- Entrances list: Cattedown; Stonehouse; Turnchapel; Oreston;
- Access: Limited to scientific research only

= Plymouth Bone Caves =

The Plymouth Bone Caves are a chain of caves and caverns underneath and around Plymouth, Devon, England, that contain fossilised remains of human and animal bones. The exact location and entrances of some of the caves are kept secret, and access to them is limited.

== Caves ==

=== Cattedown ===
In 1816, caves containing human bones were discovered 50 m below sea level in Cattedown near the modern-day Shapners Way when a "bone bearing fissure" was found by a "Mr Whidbey", the caves were further discovered and excavated by two archaeologists in 1886 who discovered human bones while mining in a quarry. During the excavations traces of charcoal were found, leading archeologists to believe that early humans were living in the caves, and were potentially the first people to live in the Plymouth area. Bones of woolly rhinoceroses, reindeer, hyenas and a woolly mammoth from the ice age were also found.

Among the partial skeletons of 15 early humans found in the caves was the famous ‘Cattedown Man’ – believed to be the city's earliest known inhabitant and dating back 140,000 years. Archaeologists say he could potentially be the oldest human found in Britain.

Today, the caves – listed as a national monument by Historic England – remain fenced off and closed to the public.

The land surrounding the caves is owned by Chevron Corporation. There were plans to turn the caves into a tourist attraction in the 2010s, but the current status of the plans are unknown.

=== Stonehouse ===
Whilst now flattened, Stonehouse used to be a large hill. This hill contained a number of caves, many of which were used for prison escapes from the jail situated in the area. Whilst the hill was being quarried out the caves were found and investigated.
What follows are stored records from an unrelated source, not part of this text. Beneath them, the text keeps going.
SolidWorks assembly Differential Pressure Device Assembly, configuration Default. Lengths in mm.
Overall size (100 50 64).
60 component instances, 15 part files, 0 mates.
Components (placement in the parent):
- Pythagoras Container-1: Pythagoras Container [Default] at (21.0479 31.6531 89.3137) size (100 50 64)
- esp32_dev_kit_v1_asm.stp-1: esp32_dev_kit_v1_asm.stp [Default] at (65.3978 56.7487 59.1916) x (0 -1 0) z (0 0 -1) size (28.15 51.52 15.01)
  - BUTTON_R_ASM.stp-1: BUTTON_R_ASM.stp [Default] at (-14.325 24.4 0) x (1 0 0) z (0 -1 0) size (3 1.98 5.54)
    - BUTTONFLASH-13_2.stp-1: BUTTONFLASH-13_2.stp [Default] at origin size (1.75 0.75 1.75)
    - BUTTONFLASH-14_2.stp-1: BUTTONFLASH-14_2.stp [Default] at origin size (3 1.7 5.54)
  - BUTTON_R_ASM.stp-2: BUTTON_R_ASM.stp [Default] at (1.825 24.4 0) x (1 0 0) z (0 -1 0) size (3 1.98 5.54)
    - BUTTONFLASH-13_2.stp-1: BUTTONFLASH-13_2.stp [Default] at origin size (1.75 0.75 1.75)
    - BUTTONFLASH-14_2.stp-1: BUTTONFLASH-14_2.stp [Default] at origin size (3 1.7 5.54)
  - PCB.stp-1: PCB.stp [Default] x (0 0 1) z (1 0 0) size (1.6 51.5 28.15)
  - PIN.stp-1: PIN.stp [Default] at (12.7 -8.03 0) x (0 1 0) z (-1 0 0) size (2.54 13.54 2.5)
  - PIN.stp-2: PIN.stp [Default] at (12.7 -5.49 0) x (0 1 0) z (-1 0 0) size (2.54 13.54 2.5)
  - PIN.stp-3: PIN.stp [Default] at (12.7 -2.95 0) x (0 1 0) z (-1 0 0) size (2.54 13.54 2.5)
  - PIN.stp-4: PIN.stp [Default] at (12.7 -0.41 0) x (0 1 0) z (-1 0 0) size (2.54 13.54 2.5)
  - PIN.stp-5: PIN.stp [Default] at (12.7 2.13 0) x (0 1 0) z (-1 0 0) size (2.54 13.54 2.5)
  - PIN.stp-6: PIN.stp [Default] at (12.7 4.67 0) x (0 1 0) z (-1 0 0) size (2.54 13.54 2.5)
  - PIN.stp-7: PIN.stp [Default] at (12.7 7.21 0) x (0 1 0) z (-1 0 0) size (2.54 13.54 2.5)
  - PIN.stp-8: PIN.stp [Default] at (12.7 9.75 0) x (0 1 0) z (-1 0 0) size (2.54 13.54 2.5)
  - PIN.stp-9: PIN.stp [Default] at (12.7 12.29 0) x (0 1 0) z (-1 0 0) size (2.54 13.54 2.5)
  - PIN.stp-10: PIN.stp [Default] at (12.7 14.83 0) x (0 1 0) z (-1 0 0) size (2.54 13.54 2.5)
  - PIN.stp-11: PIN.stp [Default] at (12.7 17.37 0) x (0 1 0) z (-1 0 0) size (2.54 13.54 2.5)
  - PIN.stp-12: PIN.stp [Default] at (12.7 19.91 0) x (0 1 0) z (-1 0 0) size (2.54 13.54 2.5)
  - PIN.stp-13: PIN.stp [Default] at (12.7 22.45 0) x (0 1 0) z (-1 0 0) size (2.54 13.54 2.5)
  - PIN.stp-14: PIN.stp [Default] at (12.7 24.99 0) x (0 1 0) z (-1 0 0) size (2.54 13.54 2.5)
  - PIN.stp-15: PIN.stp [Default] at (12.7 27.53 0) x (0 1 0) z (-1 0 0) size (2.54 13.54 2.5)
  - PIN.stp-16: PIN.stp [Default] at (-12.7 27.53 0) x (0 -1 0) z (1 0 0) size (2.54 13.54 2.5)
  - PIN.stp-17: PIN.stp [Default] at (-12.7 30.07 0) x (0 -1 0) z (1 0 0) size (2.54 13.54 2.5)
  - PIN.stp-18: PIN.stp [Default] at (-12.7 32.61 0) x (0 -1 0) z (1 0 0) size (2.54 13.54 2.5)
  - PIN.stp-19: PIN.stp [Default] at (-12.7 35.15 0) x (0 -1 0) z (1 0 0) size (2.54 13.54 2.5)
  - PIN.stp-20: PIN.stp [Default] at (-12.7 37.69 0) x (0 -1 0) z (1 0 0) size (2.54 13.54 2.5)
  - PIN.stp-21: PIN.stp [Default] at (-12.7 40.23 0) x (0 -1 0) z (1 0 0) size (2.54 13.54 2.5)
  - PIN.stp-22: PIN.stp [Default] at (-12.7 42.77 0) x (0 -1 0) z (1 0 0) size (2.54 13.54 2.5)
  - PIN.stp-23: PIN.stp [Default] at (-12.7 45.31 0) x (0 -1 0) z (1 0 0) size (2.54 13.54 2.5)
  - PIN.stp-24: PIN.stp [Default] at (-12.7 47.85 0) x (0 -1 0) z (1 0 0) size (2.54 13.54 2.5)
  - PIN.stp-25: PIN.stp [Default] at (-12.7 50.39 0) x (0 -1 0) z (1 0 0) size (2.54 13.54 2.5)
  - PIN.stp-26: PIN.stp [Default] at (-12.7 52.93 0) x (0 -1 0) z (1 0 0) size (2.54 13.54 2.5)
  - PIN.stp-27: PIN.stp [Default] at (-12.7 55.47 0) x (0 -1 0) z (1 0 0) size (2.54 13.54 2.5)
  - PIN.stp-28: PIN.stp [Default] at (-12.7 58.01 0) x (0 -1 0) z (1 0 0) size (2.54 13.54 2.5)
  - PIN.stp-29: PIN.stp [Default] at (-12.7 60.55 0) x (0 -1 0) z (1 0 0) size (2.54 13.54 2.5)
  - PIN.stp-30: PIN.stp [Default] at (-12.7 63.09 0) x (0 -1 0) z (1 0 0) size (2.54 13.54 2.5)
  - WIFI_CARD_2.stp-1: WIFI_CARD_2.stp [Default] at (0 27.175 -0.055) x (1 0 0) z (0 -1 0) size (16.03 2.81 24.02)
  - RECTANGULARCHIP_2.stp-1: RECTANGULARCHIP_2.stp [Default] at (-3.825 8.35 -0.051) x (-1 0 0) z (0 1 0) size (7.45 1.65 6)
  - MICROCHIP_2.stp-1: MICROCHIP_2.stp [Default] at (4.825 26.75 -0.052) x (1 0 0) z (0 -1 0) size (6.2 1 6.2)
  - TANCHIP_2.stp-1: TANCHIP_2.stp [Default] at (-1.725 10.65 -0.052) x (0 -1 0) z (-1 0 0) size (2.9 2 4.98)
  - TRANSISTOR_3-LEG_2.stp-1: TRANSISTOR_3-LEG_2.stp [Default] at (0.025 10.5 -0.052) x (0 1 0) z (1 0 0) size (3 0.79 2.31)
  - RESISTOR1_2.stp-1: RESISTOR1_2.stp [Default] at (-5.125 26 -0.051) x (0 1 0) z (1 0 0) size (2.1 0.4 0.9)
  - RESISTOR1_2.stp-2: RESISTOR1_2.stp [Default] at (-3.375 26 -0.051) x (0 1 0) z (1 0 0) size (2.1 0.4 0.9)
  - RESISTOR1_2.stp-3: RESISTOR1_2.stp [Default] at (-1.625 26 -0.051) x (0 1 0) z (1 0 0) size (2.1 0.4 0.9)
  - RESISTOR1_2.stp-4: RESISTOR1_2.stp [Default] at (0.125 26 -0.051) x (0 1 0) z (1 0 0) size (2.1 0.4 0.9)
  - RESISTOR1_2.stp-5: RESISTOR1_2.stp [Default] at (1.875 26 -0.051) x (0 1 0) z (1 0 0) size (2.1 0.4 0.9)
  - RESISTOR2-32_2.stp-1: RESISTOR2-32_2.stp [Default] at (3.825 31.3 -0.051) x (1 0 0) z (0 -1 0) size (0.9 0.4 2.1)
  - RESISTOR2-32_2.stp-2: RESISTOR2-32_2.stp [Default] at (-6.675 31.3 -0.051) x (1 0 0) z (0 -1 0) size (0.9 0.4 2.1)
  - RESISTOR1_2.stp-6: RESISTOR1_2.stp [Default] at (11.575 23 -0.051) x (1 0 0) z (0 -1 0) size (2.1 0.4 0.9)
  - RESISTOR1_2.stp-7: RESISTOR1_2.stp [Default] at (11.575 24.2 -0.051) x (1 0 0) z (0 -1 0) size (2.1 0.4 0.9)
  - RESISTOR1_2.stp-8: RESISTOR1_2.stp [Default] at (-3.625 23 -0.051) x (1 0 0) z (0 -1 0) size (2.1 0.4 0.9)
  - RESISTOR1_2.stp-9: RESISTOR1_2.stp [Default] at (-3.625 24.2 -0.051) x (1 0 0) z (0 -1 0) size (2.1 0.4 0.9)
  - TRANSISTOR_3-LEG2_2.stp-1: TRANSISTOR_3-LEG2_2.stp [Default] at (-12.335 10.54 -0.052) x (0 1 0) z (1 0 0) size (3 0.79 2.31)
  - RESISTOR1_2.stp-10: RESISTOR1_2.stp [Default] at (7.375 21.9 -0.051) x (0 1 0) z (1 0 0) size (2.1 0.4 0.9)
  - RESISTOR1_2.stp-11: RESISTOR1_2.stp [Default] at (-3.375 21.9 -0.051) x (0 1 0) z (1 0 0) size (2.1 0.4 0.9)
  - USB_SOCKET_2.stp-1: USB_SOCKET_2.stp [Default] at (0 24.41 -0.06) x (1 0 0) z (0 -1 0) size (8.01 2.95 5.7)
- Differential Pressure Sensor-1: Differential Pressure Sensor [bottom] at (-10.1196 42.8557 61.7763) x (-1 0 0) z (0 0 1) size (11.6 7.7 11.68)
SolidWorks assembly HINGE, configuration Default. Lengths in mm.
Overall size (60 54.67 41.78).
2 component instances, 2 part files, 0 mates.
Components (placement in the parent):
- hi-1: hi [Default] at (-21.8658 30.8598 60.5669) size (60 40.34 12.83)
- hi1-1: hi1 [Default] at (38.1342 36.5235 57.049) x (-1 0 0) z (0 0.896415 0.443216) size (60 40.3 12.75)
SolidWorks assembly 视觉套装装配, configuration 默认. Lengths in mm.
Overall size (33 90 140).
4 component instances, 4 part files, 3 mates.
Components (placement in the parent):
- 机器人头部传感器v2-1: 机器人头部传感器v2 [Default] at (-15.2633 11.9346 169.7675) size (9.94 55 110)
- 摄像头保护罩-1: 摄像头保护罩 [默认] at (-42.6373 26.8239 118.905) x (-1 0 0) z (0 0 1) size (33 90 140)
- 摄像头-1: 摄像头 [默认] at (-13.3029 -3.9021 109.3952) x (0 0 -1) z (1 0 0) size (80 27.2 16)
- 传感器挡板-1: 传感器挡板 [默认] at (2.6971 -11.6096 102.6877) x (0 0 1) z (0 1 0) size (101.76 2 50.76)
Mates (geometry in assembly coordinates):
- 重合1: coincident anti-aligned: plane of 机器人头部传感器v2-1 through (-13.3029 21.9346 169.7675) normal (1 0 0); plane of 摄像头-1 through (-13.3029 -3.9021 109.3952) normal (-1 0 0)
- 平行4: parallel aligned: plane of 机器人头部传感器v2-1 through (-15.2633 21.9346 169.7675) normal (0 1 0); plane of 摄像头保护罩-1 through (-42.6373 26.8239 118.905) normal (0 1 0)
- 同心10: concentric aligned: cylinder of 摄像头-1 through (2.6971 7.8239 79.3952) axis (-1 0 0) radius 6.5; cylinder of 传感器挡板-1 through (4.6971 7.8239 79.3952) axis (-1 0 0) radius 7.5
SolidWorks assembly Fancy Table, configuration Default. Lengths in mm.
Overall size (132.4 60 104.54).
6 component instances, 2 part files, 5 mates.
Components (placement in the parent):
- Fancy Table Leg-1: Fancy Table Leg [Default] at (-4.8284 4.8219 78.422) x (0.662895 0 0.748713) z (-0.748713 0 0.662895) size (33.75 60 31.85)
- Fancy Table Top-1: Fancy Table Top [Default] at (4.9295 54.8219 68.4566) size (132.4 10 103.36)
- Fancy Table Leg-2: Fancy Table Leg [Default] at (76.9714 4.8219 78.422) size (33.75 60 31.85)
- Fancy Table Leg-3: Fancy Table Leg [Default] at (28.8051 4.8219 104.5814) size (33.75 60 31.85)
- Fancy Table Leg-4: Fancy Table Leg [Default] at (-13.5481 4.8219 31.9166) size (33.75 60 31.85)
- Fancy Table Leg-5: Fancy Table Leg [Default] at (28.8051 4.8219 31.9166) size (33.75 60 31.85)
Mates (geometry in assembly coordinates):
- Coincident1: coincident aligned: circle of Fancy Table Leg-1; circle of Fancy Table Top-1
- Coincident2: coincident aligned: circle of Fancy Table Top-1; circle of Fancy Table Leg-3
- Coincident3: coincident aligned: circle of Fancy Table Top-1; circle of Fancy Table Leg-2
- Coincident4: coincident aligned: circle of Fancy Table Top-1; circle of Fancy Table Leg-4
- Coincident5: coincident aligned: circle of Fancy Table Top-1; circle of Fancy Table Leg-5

In 1835, caves containing fossilised bones were discovered in Stonehouse. The caves were further investigated from 1879 to 1882. Fossilised remains of rhinoceros, red deer, ox, horse, and donkey as well as human teeth were found at the caves in Stonehouse.

=== Turnchapel ===
The Turnchapel Bone Cave was discovered in March 1978 during an investigation by the Devon Karst Research Society of all limestone quarry faces in the area. Following the discovery, the society photographed and cleared the area. Researchers from Southampton University visited the site in 1978–79, but were later refused reentry by the landowner after creating a large mess around the area. Following a change of land ownership, permission to access the cave was revoked for privacy reasons.

=== Oreston ===
In 1816 the bone cave was discovered in Oreston. At the time this was the first bone cave in England which was investigated in a scientific enquiry. In November 1816, the teeth of rhinoceros, black or brown bear, and an "animal of deer kind" as well as bones from an unknown animal described as roughly the size of a bear were found embedded in clay in perfect condition. The cavern they were found in was 160 feet inside the hill, and required 60 feet of blasting and 100 feet of manual material removal.

It was also estimated that human bone from the Mesolithic period may have been found at the location.

== Preservation ==
The Devon Karst Research Society who survey and report on the condition of the caves criticised Plymouth City Council for the "destruction" of the caves at Stonehouse, and shared that the caves at Cattedown have "suffered". The current state of the caves is unknown.